Table of Contents
VLSI Design
Volume 2, Issue 1, Pages 17-32
http://dx.doi.org/10.1155/1994/43564

Register-Transfer Synthesis of Pipelined Data Paths

Department of Electrical & Computer Engineering, University of California, Irvine 92717, CA, USA

Received 21 March 1990; Revised 11 August 1992

Copyright © 1994 Hindawi Publishing Corporation. This is an open access article distributed under the Creative Commons Attribution License, which permits unrestricted use, distribution, and reproduction in any medium, provided the original work is properly cited.

Abstract

We present a new approach to the problem of register-transfer level design optimization of pipelined data paths. The output of high level synthesis procedures, such as Sehwa, consists of a schedule of operations into time steps, and a fixed set of hardware operators. In order to obtain a register-transfer level design, we must assign operations to specific operators, values to registers, and finish the interconnections. We first perform module assignment with the goal of minimizing the interconnect requirements between RT-level components as a preprocessing procedure to the RT-level design.
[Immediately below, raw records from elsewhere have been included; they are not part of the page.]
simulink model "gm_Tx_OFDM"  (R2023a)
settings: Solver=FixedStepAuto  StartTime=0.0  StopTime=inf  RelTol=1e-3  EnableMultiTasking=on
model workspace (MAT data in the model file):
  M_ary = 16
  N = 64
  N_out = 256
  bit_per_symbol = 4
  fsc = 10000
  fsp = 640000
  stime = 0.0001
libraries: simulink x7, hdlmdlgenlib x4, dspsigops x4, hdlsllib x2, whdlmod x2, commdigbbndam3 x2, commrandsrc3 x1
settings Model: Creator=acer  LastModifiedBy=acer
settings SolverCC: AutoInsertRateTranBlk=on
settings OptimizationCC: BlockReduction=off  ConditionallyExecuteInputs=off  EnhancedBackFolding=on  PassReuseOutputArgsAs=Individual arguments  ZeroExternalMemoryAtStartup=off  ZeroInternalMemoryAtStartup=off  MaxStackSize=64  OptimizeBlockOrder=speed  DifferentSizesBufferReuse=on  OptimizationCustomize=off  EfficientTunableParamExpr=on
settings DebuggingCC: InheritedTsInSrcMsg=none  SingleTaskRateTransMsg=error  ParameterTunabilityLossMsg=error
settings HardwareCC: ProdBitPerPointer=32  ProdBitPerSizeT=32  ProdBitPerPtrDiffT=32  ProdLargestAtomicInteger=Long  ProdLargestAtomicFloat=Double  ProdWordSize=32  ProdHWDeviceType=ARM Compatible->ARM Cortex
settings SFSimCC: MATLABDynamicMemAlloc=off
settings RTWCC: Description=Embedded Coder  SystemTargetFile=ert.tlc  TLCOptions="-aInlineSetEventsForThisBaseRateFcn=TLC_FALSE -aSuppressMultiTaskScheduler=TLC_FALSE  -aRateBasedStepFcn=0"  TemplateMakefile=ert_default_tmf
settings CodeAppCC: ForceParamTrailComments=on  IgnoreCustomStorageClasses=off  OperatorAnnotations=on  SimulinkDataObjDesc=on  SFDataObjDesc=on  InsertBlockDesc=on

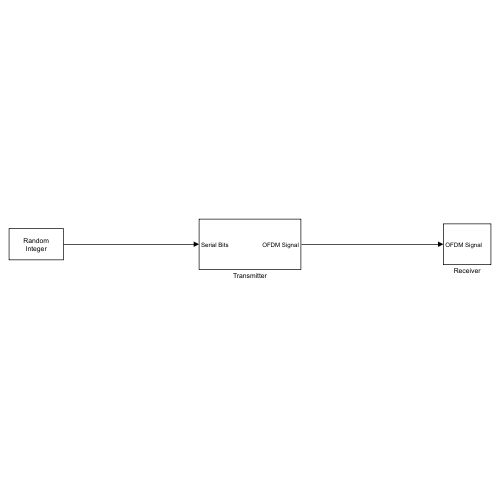
[thumbnail: Simulink's stored preview of the top-level diagram]
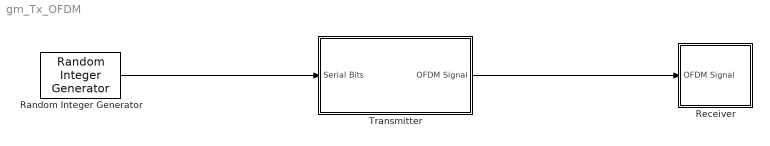
== system gm_Tx_OFDM ==
  Random Integer Generator : commrandsrc3/Random Integer Generator  SetSize=16  SeedSource=Auto  Seed=0  SampleTime=stime  SamplesPerFrame=1  OutputDataType=uint8  SimulateUsing=Interpreted execution
  Receiver : Subsystem
  Transmitter : Subsystem
  wires:
  Random Integer Generator/1 -> Transmitter/1(Serial Bits)
  Transmitter/1(OFDM Signal) -> Receiver/1(OFDM Signal)

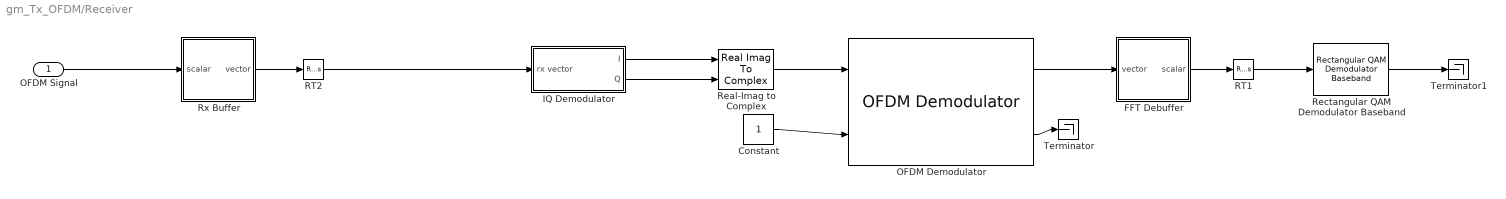
== system gm_Tx_OFDM/Receiver ==
  OFDM Signal : Inport
  Constant : Constant  OutDataTypeStr=boolean  SampleTime=-1
  FFT Debuffer : Subsystem
  IQ Demodulator : Subsystem
  OFDM Demodulator : whdlmod/OFDM Demodulator  OFDMParamsSource=Property  MaxFFTLength=64  FFTLength=N*2  CPLength=32  NumLGsC=16  NumRGsC=15  CPFraction=off  CPFractionSource=Property  CPFractionValue=0.55  removeDCSubcarriers=on  enableResetInputPort=off  Normalize=off  RoundingMethod=Floor  SimulateUsing=Code generation
  RT1 : RateTransition  OutPortSampleTime=stime/N
  RT2 : RateTransition  OutPortSampleTime=stime
  Real-Imag to Complex : RealImagToComplex
  Rectangular QAM Demodulator Baseband : commdigbbndam3/Rectangular QAM Demodulator Baseband  M=16  OutType=Integer  DecType=Hard decision  VarSource=Dialog  Variance=1  Dec=Gray  Mapping=[0:15]  PowType=Min. distance between symbols  MinDist=2  AvgPow=1  PeakPow=1  Ph=0  outDtype1=Inherit via internal rule  outDtype2=Inherit via internal rule  derotateFactorWordLen=16  derotateFactorDataTypeStr=Inherit: Same word length as input  derotateFactorLastDataTypeStr=Inherit: Same word length as input  denormFactorWordLen=16  denormFactorDataTypeStr=Inherit: Same word length as input  denormFactorLastDataTypeStr=Inherit: Same word length as input  prodOutWordLen=32  prodOutOverflowMode=Wrap  prodOutRoundingMode=Floor  prodOutOvFlMode=off  prodOutOvFlModeLastStrValue=off  sumWordLen=32
      settings: LibrarySourceBlock=|
      | commhdldigbbndam/Rectangular QAM
      | Demodulator
      | Baseband
  Rx Buffer : Subsystem
  Terminator : Terminator
  Terminator1 : Terminator
  wires:
  IQ Demodulator/2(Q) -> Real-Imag to Complex/2
  IQ Demodulator/1(I) -> Real-Imag to Complex/1
  RT2/1 -> IQ Demodulator/1(rx vector)
  Rectangular QAM Demodulator Baseband/1 -> Terminator1/1
  RT1/1 -> Rectangular QAM Demodulator Baseband/1
  FFT Debuffer/1(scalar) -> RT1/1
  OFDM Demodulator/1 -> FFT Debuffer/1(vector)
  OFDM Demodulator/2 -> Terminator/1
  Constant/1 -> OFDM Demodulator/2
  Real-Imag to Complex/1 -> OFDM Demodulator/1
  Rx Buffer/1(vector) -> RT2/1
  OFDM Signal/1 -> Rx Buffer/1(scalar)

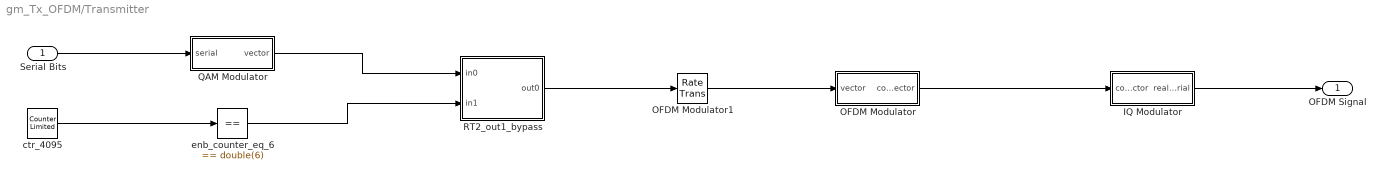
== system gm_Tx_OFDM/Transmitter ==
  Serial Bits : Inport  OutDataTypeStr=uint8  PortDimensions=1  SampleTime=0.0001
  IQ Modulator : Subsystem
  OFDM Modulator : Subsystem
  OFDM Modulator1 : RateTransition  OutPortSampleTimeOpt=Multiple of input port sample time  OutPortSampleTimeMultiple=4096
  QAM Modulator : Subsystem
  RT2_out1_bypass : Subsystem
  ctr_4095 : simulink/Sources/Counter Limited  uplimit=double(4095)  tsamp=1.5625e-06
  enb_counter_eq_6 : simulink/Logic and Bit Operations/Compare To Constant  relop===  const=double(6)  OutDataTypeStr=boolean
  OFDM Signal : Outport  SampleTime=1.5625e-06
  wires:
  Serial Bits/1 -> QAM Modulator/1(serial)
  IQ Modulator/1(real_serial) -> OFDM Signal/1
  OFDM Modulator/1(complex_vector) -> IQ Modulator/1(complex_vector)
  QAM Modulator/1(vector) -> RT2_out1_bypass/1(in0)
  OFDM Modulator1/1 -> OFDM Modulator/1(vector)
  RT2_out1_bypass/1(out0) -> OFDM Modulator1/1
  enb_counter_eq_6/1 -> RT2_out1_bypass/2(in1)
  ctr_4095/1 -> enb_counter_eq_6/1

== system gm_Tx_OFDM/Receiver/FFT Debuffer ==
  note: When changing N, change the vector init size to N manually
  vector : Inport
  Data Type Conversion : DataTypeConversion  OutMin=0  OutMax=1  OutDataTypeStr=fixdt(1,16)  SaturateOnIntegerOverflow=off  RndMeth=Floor
  Data Type Conversion1 : DataTypeConversion  OutMin=0  OutMax=1  OutDataTypeStr=fixdt(1,16)  SaturateOnIntegerOverflow=off  RndMeth=Floor
  Delay : Delay  DelayLength=1
  HDL Counter : hdlsllib/Sources/HDL Counter  CountType=Count limited  CountInit=1  CountStep=1  CountMax=N  CountFromType=Initial value  CountFrom=1  CountResetPort=off  CountLoadPort=off  CountEnbPort=off  CountDirPort=off  CountHitOutputPort=off  CountDataType=Signed  CountWordLen=16  CountFracLen=0  CountSampTime=stime
  debuffer : MATLAB Function  TreatAsAtomicUnit=on
  vector feedback : MATLAB Function  TreatAsAtomicUnit=on
  scalar : Outport
  wires:
  Data Type Conversion1/1 -> debuffer/1(vector_in)
  vector/1 -> Data Type Conversion1/1
  Delay/1 -> vector feedback/1(vector_before)
  vector feedback/1(y) -> Data Type Conversion/1
  debuffer/2(vector_current) -> Delay/1
  Data Type Conversion/1 -> debuffer/3(vector_before)
  HDL Counter/1 -> debuffer/2(counter)
  debuffer/1(buffer) -> scalar/1

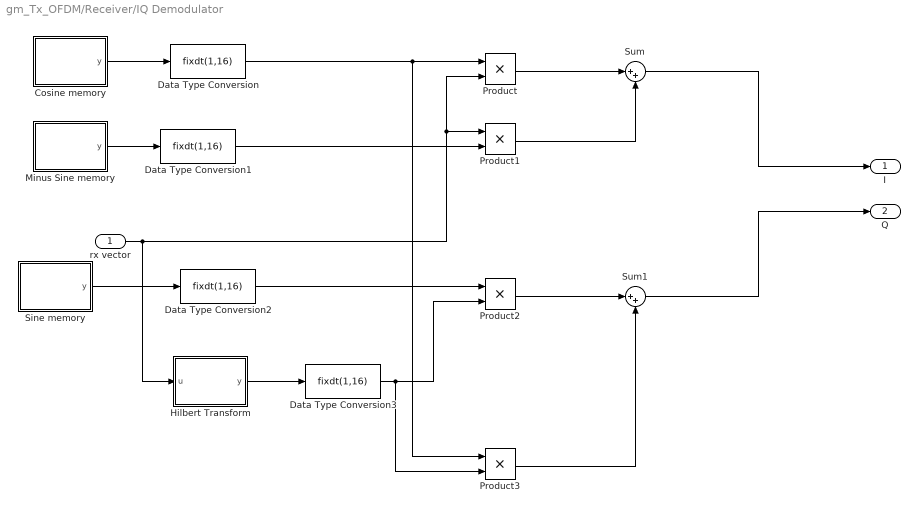
== system gm_Tx_OFDM/Receiver/IQ Demodulator ==
  rx vector : Inport
  Cosine memory : MATLAB Function  TreatAsAtomicUnit=on
  Data Type Conversion{,1..3} (4 alike) : DataTypeConversion  OutMin=0  OutMax=1  OutDataTypeStr=fixdt(1,16)  SaturateOnIntegerOverflow=off  RndMeth=Floor
  Hilbert Transform : MATLAB Function  TreatAsAtomicUnit=on
  Minus Sine memory : MATLAB Function  TreatAsAtomicUnit=on
  Product{,1..3} (4 alike) : Product
  Sine memory : MATLAB Function  TreatAsAtomicUnit=on
  Sum : Sum  Inputs=|++
  Sum1 : Sum  Inputs=|++
  I : Outport
  Q : Outport  Port=2
  wires:
  Data Type Conversion3/1 -> Product2/2, Product3/2
  Hilbert Transform/1(y) -> Data Type Conversion3/1
  Data Type Conversion2/1 -> Product2/1
  Sine memory/1(y) -> Data Type Conversion2/1
  Data Type Conversion1/1 -> Product1/2
  Minus Sine memory/1(y) -> Data Type Conversion1/1
  Data Type Conversion/1 -> Product/1, Product3/1
  Cosine memory/1(y) -> Data Type Conversion/1
  Sum/1 -> I/1
  Product3/1 -> Sum1/2
  Product2/1 -> Sum1/1
  Product/1 -> Sum/1
  Product1/1 -> Sum/2
  rx vector/1 -> Hilbert Transform/1(u), Product/2, Product1/1
  Sum1/1 -> Q/1

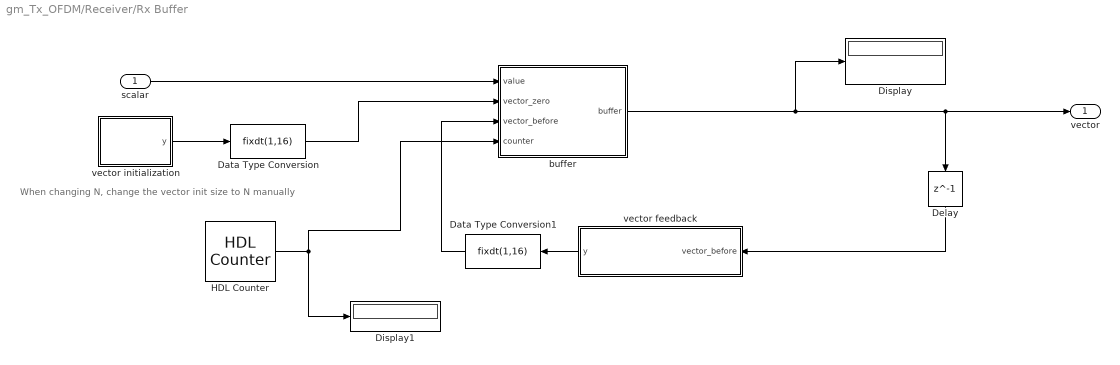
== system gm_Tx_OFDM/Receiver/Rx Buffer ==
  note: When changing N, change the vector init size to N manually
  scalar : Inport
  Data Type Conversion : DataTypeConversion  OutMin=0  OutMax=1  OutDataTypeStr=fixdt(1,16)  SaturateOnIntegerOverflow=off  RndMeth=Floor
  Data Type Conversion1 : DataTypeConversion  OutMin=0  OutMax=1  OutDataTypeStr=fixdt(1,16)  SaturateOnIntegerOverflow=off  RndMeth=Floor
  Delay : Delay  DelayLength=1
  Display : Display
  Display1 : Display
  HDL Counter : hdlsllib/Sources/HDL Counter  CountType=Count limited  CountInit=1  CountStep=1  CountMax=N  CountFromType=Initial value  CountFrom=1  CountResetPort=off  CountLoadPort=off  CountEnbPort=off  CountDirPort=off  CountHitOutputPort=off  CountDataType=Unsigned  CountWordLen=16  CountFracLen=0  CountSampTime=stime/N
  buffer : MATLAB Function  TreatAsAtomicUnit=on
  vector feedback : MATLAB Function  TreatAsAtomicUnit=on
  vector initialization : MATLAB Function  TreatAsAtomicUnit=on
  vector : Outport
  wires:
  HDL Counter/1 -> Display1/1, buffer/4(counter)
  scalar/1 -> buffer/1(value)
  Data Type Conversion1/1 -> buffer/3(vector_before)
  vector feedback/1(y) -> Data Type Conversion1/1
  Delay/1 -> vector feedback/1(vector_before)
  buffer/1(buffer) -> vector/1, Delay/1, Display/1
  Data Type Conversion/1 -> buffer/2(vector_zero)
  vector initialization/1(y) -> Data Type Conversion/1

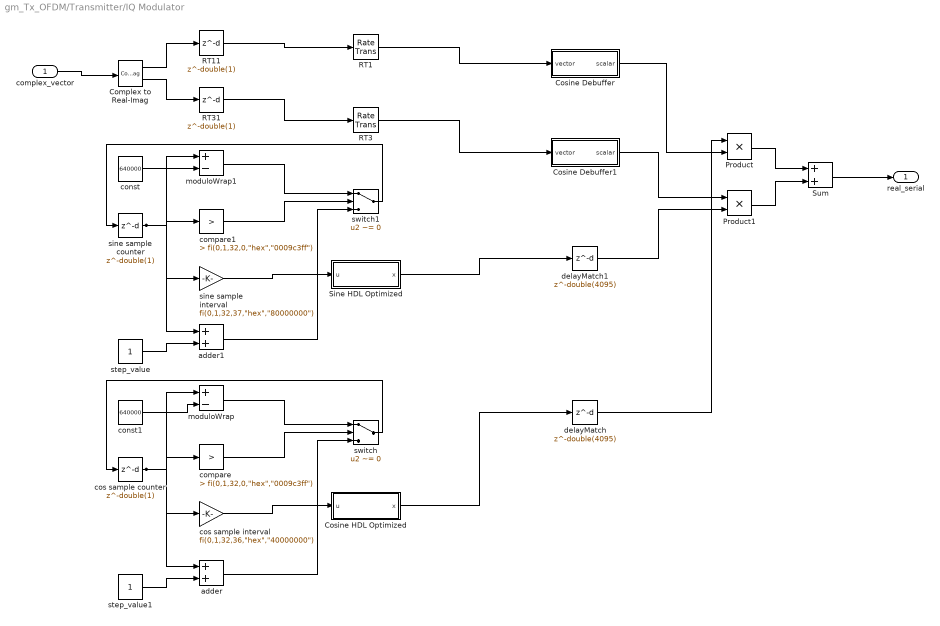
== system gm_Tx_OFDM/Transmitter/IQ Modulator ==
  complex_vector : Inport  OutDataTypeStr=fixdt(1, 16, 14)  PortDimensions=[64 1]  SampleTime=0.0064
      settings: SignalType=complex
  Complex to Real-Imag : ComplexToRealImag  SampleTime=0.0064
  Cosine Debuffer : Subsystem
  Cosine Debuffer1 : Subsystem
  Cosine HDL Optimized : Subsystem  mask(Sine and Cosine HDL optimized block){OutputFormula=cos(2*pi*u), NumDataPoints=double(64), TableDataTypeStr=fixdt(0,16,15), SimulateLUTROMDelay=off}
      mask prompts: OutputFormula "Simulink:masks:OutputFormula_MP"; NumDataPoints "HDLShared:hdlshared:CosineHDL_Npts"; TableDataTypeStr "Simulink:blkprm_prompts:TABLE_UNIFIEDDATATYPE"; SimulateLUTROMDelay "HDLShared:hdlshared:CosineHDL_SimulateLUTDelay"
      mask help: Sine and Cosine HDL optimized block using quarter wave symmetry, and HDL friendly settings.
      mask Help: helpview([docroot '/hdlcoder/helptargets.map'],'SineAndCosineHDL_Optimized');
      mask TypeOptions OutputFormula: sin(2*pi*u) | cos(2*pi*u) | exp(j*2*pi*u) | sin(2*pi*u) and cos(2*pi*u)
      mask Display:
      | port_label('input',1,'u')
      | port_label('output',1,'cos(2*pi*u)')
      | xpos = 0.35;
      | yoffset = 0.5;
      | if ( SimulateLUTROMDelay )
      |   text(xpos,yoffset,'HDL (Z^{-1})','texmode','on')
      | else
      |    text(xpos,yoffset,'HDL')
      | end
  Product : Product  Inputs=**  OutDataTypeStr=fixdt(1, 33, 29)  SampleTime=1.5625e-06
  Product1 : Product  Inputs=**  OutDataTypeStr=int16  SampleTime=1.5625e-06
  RT1 : RateTransition  Integrity=off  Deterministic=off  InitialCondition=double(0)  OutPortSampleTimeOpt=Multiple of input port sample time  OutPortSampleTimeMultiple=1/4096
  RT11 : Delay  DelayLength=double(1)  InitialCondition=0  SampleTime=0.0064
  RT3 : RateTransition  Integrity=off  Deterministic=off  InitialCondition=double(0)  OutPortSampleTimeOpt=Multiple of input port sample time  OutPortSampleTimeMultiple=1/4096
  RT31 : Delay  DelayLength=double(1)  InitialCondition=0  SampleTime=0.0064
  Sine HDL Optimized : Subsystem  mask(Sine and Cosine HDL optimized block){OutputFormula=sin(2*pi*u), NumDataPoints=double(64), TableDataTypeStr=fixdt(0,16,15), SimulateLUTROMDelay=off}
      mask prompts: OutputFormula "Simulink:masks:OutputFormula_MP"; NumDataPoints "HDLShared:hdlshared:CosineHDL_Npts"; TableDataTypeStr "Simulink:blkprm_prompts:TABLE_UNIFIEDDATATYPE"; SimulateLUTROMDelay "HDLShared:hdlshared:CosineHDL_SimulateLUTDelay"
      mask help: Sine and Cosine HDL optimized block using quarter wave symmetry, and HDL friendly settings.
      mask Help: helpview([docroot '/hdlcoder/helptargets.map'],'SineAndCosineHDL_Optimized');
      mask TypeOptions OutputFormula: sin(2*pi*u) | cos(2*pi*u) | exp(j*2*pi*u) | sin(2*pi*u) and cos(2*pi*u)
      mask Display:
      | port_label('input',1,'u')
      | port_label('output',1,'sin(2*pi*u)')
      | xpos = 0.35;
      | yoffset = 0.5;
      | if ( SimulateLUTROMDelay )
      |   text(xpos,yoffset,'HDL (Z^{-1})','texmode','on')
      | else
      |    text(xpos,yoffset,'HDL')
      | end
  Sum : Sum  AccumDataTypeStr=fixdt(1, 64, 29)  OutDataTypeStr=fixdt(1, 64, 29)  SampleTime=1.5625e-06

This will result in a smaller netlist which makes the design more compact and the design process more efficient. In addition to reducing the total number of interconnects, this approach will also reduce the total number of multiplexors in the design by eliminating unnecessary multiplexing at the inputs of shared modules. The interconnect sharing task is modeled as a constrained clique partitioning problem. We developed a fast and efficient polynomial time heuristic procedure to solve this problem. This procedure is 30–50 times faster than other existing heuristics while still producing better results for our purposes. Using this procedure, we can produce near optimal interconnect sharing schemes in a few seconds for most practical size pipelined designs. This efficient approach will enable designers to explore a larger portion of the design space and trade off various design parameters effectively.